Appointment to the Federal Judiciary and Supreme Court
After Brown, Marshall argued many more court cases in support of civil rights. His zeal for ensuring the rights of all citizens regardless of race caught the attention of President John F. Kennedy, who nominated him to the U.S. Court of Appeals for the Second Circuit in 1961. President Lyndon B. Johnson further elevated Marshall's career, first appointing him solicitor general in July 1965 (the lawyer who represents the federal government before the Supreme Court; it is the third highest office in the Justice Department). He went on to win 14 of the 19 cases that he argued before the Supreme Court for the government. Subsequently, President Lyndon B. Johnson nominated him to the Supreme Court on June 13, 1967, with Marshall once again being the first African-American to hold the office. Senate on August 30, 1967.
Tenure on the Supreme Court and Judicial Philosophy
During Marshall’s tenure on the Supreme Court, he was a steadfast liberal, stressing the need for equitable and just treatment of the country’s minorities by the state and federal governments. He fought for affirmative action for minorities, held strong against the death penalty, and supported of a woman's right to choose if an abortion was appropriate for her.

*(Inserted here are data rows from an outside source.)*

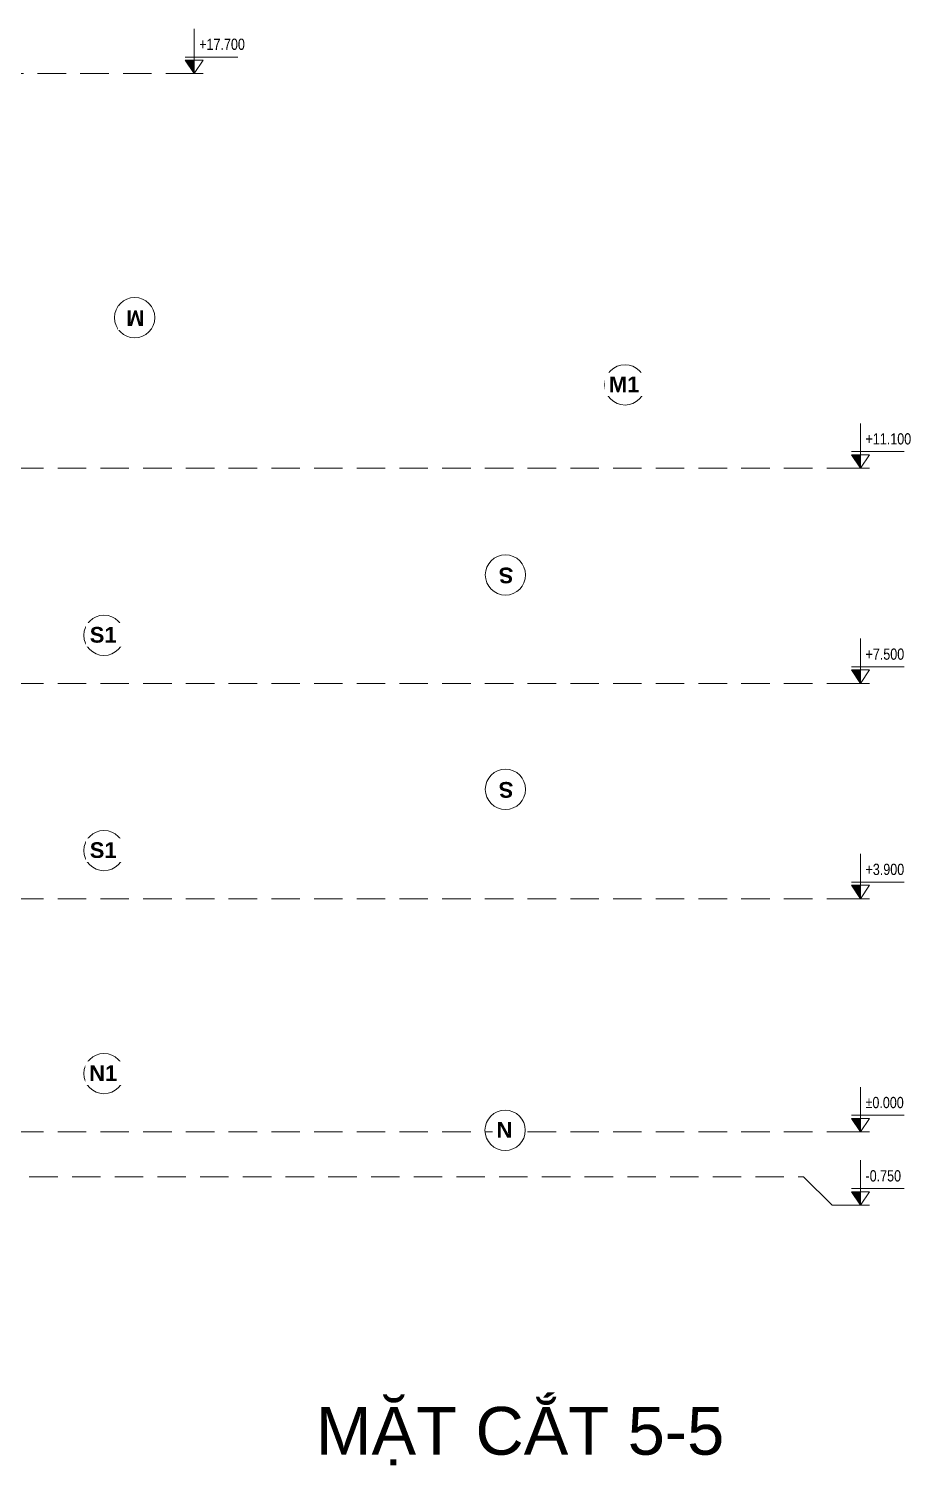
# Model space of a CAD drawing. Header units: millimetres. Extents: x -20510 to 108935, y -243239 to 20306.
# Drawn here: x 65783 to 80743, y -133577 to -109550 of the extents above; entities that cross this region are included whole.
import ezdxf
from ezdxf.enums import TextEntityAlignment as Align

# ---------------------------------------------------------------- set-up
doc = ezdxf.new("R2010")
doc.units = ezdxf.units.MM
doc.linetypes.add('Hidden', pattern=[714.375, 476.25, -238.125])
doc.layers.add('A-ANNO-NOTE', color=2, linetype='Continuous', lineweight=9)
doc.layers.add('A-FLOR-LEVL', color=8, linetype='Continuous', lineweight=9)
doc.styles.add('Arial', font='arial.ttf', dxfattribs={"width": 0.8, "height": 250})
doc.styles.add('Arial_B', font='arialbd.ttf', dxfattribs={"height": 262.5})
doc.styles.add('UNICODE_TITLE', font='arial.ttf')

# ---------------------------------------------------------------- blocks, each defined once
blk = doc.blocks.new('Level - _-000-1742762-MẶT CẮT 5-5')
at = {"layer": 'A-FLOR-LEVL'}
blk.add_hatch(color=256, dxfattribs=at).paths.add_polyline_path([(-2303, 225), (-2303, 0), (-2153, 225)])
for p, q in [((-2303, 0), (-2303, 750)), ((-2153, 277), (-3032, 277)), ((-2303, 0), (-2453, 225)), ((-2153, 225), (-2453, 225)), ((-2153, 0), (-2453, 0)), ((-2303, 0), (-2153, 225)), ((-2303, 225), (-2153, 225)), ((-2153, 225), (-2303, 0)), ((-2303, 0), (-2303, 225))]:
    blk.add_line(p, q, dxfattribs=at)
blk = doc.blocks.new('Level - 000_-1742766-MẶT CẮT 5-5')
at = {"layer": 'A-FLOR-LEVL'}
blk.add_hatch(color=256, dxfattribs=at).paths.add_polyline_path([(-2303, 4125), (-2303, 3900), (-2153, 4125)])
for p, q in [((-2303, 3900), (-2303, 4650)), ((-2153, 4177), (-3032, 4177)), ((-2303, 3900), (-2453, 4125)), ((-2153, 4125), (-2453, 4125)), ((-2303, 3900), (-2153, 4125)), ((-2303, 4125), (-2153, 4125)), ((-2153, 4125), (-2303, 3900)), ((-2303, 3900), (-2303, 4125)), ((-2153, 3900), (-2453, 3900))]:
    blk.add_line(p, q, dxfattribs=at)
blk = doc.blocks.new('GHI CHU VL_FULL - M-1415100-MẶT CẮT 5-5')
at = {"layer": 'A-ANNO-NOTE'}
blk.add_circle((2555, 13618), 337, dxfattribs=at)

msp = doc.modelspace()

# ---------------------------------------------------------------- linework, layer by layer
at = {"layer": 'A-FLOR-LEVL', "linetype": 'Hidden'}
for p, q in [((68551.1, -110300), (61570.1, -110300)), ((62697, -116900), (79693.6, -116900)), ((62697, -120500), (79693.6, -120500)), ((62697, -124100), (79693.6, -124100)), ((62697, -128000), (79693.6, -128000)), ((63649.5, -128750), (78741.1, -128750))]:
    msp.add_line(p, q, dxfattribs=at)
at = {"layer": 'A-FLOR-LEVL'}
for p, q in [((78741.1, -128750), (79217.4, -129226.2)), ((79217.4, -129226.2), (79693.6, -129226.2))]:
    msp.add_line(p, q, dxfattribs=at)

# ---------------------------------------------------------------- block references
at = {"layer": 'A-ANNO-NOTE'}
for p in [(65000, -128000), (71200, -132303.5), (71200, -135889.9)]:
    msp.add_blockref('GHI CHU VL_FULL - M-1415100-MẶT CẮT 5-5', p, dxfattribs=at)
at = {"layer": 'A-ANNO-NOTE', "rotation": 180}
for p in [(78310.1, -101888.6), (69596.8, -106076.9), (69596.8, -109677.8), (69596.8, -113407.5), (76304.9, -114356)]:
    msp.add_blockref('GHI CHU VL_FULL - M-1415100-MẶT CẮT 5-5', p, dxfattribs=at)
at = {"layer": 'A-FLOR-LEVL', "extrusion": (0, 0, -1)}
for name, p in [('Level - 000_-1742766-MẶT CẮT 5-5', (-66248.1, -114200)), ('Level - 000_-1742766-MẶT CẮT 5-5', (-77390.6, -120800)), ('Level - 000_-1742766-MẶT CẮT 5-5', (-77390.6, -124400)), ('Level - 000_-1742766-MẶT CẮT 5-5', (-77390.6, -128000)), ('Level - _-000-1742762-MẶT CẮT 5-5', (-77390.6, -128000)), ('Level - 000_-1742766-MẶT CẮT 5-5', (-77390.6, -133126.2))]:
    msp.add_blockref(name, p, dxfattribs=at)

# ---------------------------------------------------------------- texts
at = {"style": 'UNICODE_TITLE'}
msp.add_text('MẶT CẮT 5-5', height=800, dxfattribs=at).set_placement((74000, -133000), align=Align.MIDDLE_CENTER)

# ---------------------------------------------------------------- next in the draw order: texts
at = {"layer": 'A-ANNO-NOTE', "char_height": 262.5, "attachment_point": 1, "rotation": 180, "style": 'Arial_B', "bg_fill": 3, "box_fill_scale": 1.25, "bg_fill_color": 9, "bg_fill_true_color": 13158600, "bg_fill_transparency": 0}
for s, insert, width in [('\\fArial|b1|i0|c0|p34|;M', (67721, -114521.5), 378.797), ('\\fArial|b1|i0|c0|p34|;S', (73888.3, -118825), 300.633), ('\\fArial|b1|i0|c0|p34|;S', (73888.3, -122411.4), 300.633)]:
    msp.add_mtext(s, dxfattribs=dict(at, insert=insert, width=width))
at = {"layer": 'A-ANNO-NOTE', "char_height": 262.5, "attachment_point": 1, "style": 'Arial_B', "bg_fill": 3, "box_fill_scale": 1.25, "bg_fill_color": 9, "bg_fill_true_color": 13158600, "bg_fill_transparency": 0}
for s, insert, width in [('M1', (75485.3, -115367), 631.329), ('S1', (66804.2, -119555.4), 553.164), ('S1', (66804.2, -123156.2), 553.164), ('N1', (66794.1, -126885.9), 577.215), ('\\fArial|b1|i0|c0|p34|;N', (73606.4, -127834.4), 324.683)]:
    msp.add_mtext(s, dxfattribs=dict(at, insert=insert, width=width))
at = {"layer": 'A-FLOR-LEVL', "char_height": 187.5, "attachment_point": 1, "style": 'Arial', "bg_fill": 3, "box_fill_scale": 1.25, "bg_fill_color": 9, "bg_fill_true_color": 13158600, "bg_fill_transparency": 0}
for s, insert, width in [('+17.700', (68634.5, -109716), 918.734), ('+11.100', (79777.1, -116316), 918.734), ('+7.500', (79777.1, -119916), 779.24), ('+3.900', (79777.1, -123516), 779.24), ('±0.000', (79777.1, -127416), 769.62), ('-0.750', (79777.1, -128642.2), 716.709)]:
    msp.add_mtext(s, dxfattribs=dict(at, insert=insert, width=width))

# ---------------------------------------------------------------- next in the draw order: texts
for s, insert, width in [('+17.700', (68634.5, -109716), 918.734), ('+11.100', (79777.1, -116316), 918.734), ('+7.500', (79777.1, -119916), 779.24), ('+3.900', (79777.1, -123516), 779.24), ('-0.750', (79777.1, -128642.2), 716.709)]:
    msp.add_mtext(s, dxfattribs=dict(at, insert=insert, width=width))

doc.saveas('drawing.dxf')

Marshall’s approach, known as the “sliding scale,” took into account a wider variety of factors affecting equal protection and a larger number of groups whose equal protection rights were apparently being violated under federal and state laws. Marshall thus famously dissented in Dandrige v. Williams (1970), arguing that state limits on welfare payments should not be the same for all families because not all families are the same size; in San Antonio Independent School District v. Rodriguez (1973), arguing that school funding based on local property taxes unfairly limits the educational opportunities of students in poorer school districts; and Milliken v. Bradley (1974), arguing that preventing federal courts from ordering school desegregation between racially divided cities and suburbs amounts to an “emasculation of our constitutional guarantee of equal protection.”
Marshall served on the Supreme Court as it underwent a period of major ideological change. In his early years on the bench, he fit comfortably among a liberal majority under the leadership of Chief Justice Earl Warren. As the years passed, however, many of his closest allies, including Warren, either retired or died in office, creating opportunities for Republican presidents to swing the pendulum of activism in a conservative direction. By the time he retired in 1991, he was known as “the Great Dissenter,” one of the last remaining liberal members of a Supreme Court dominated by a conservative majority.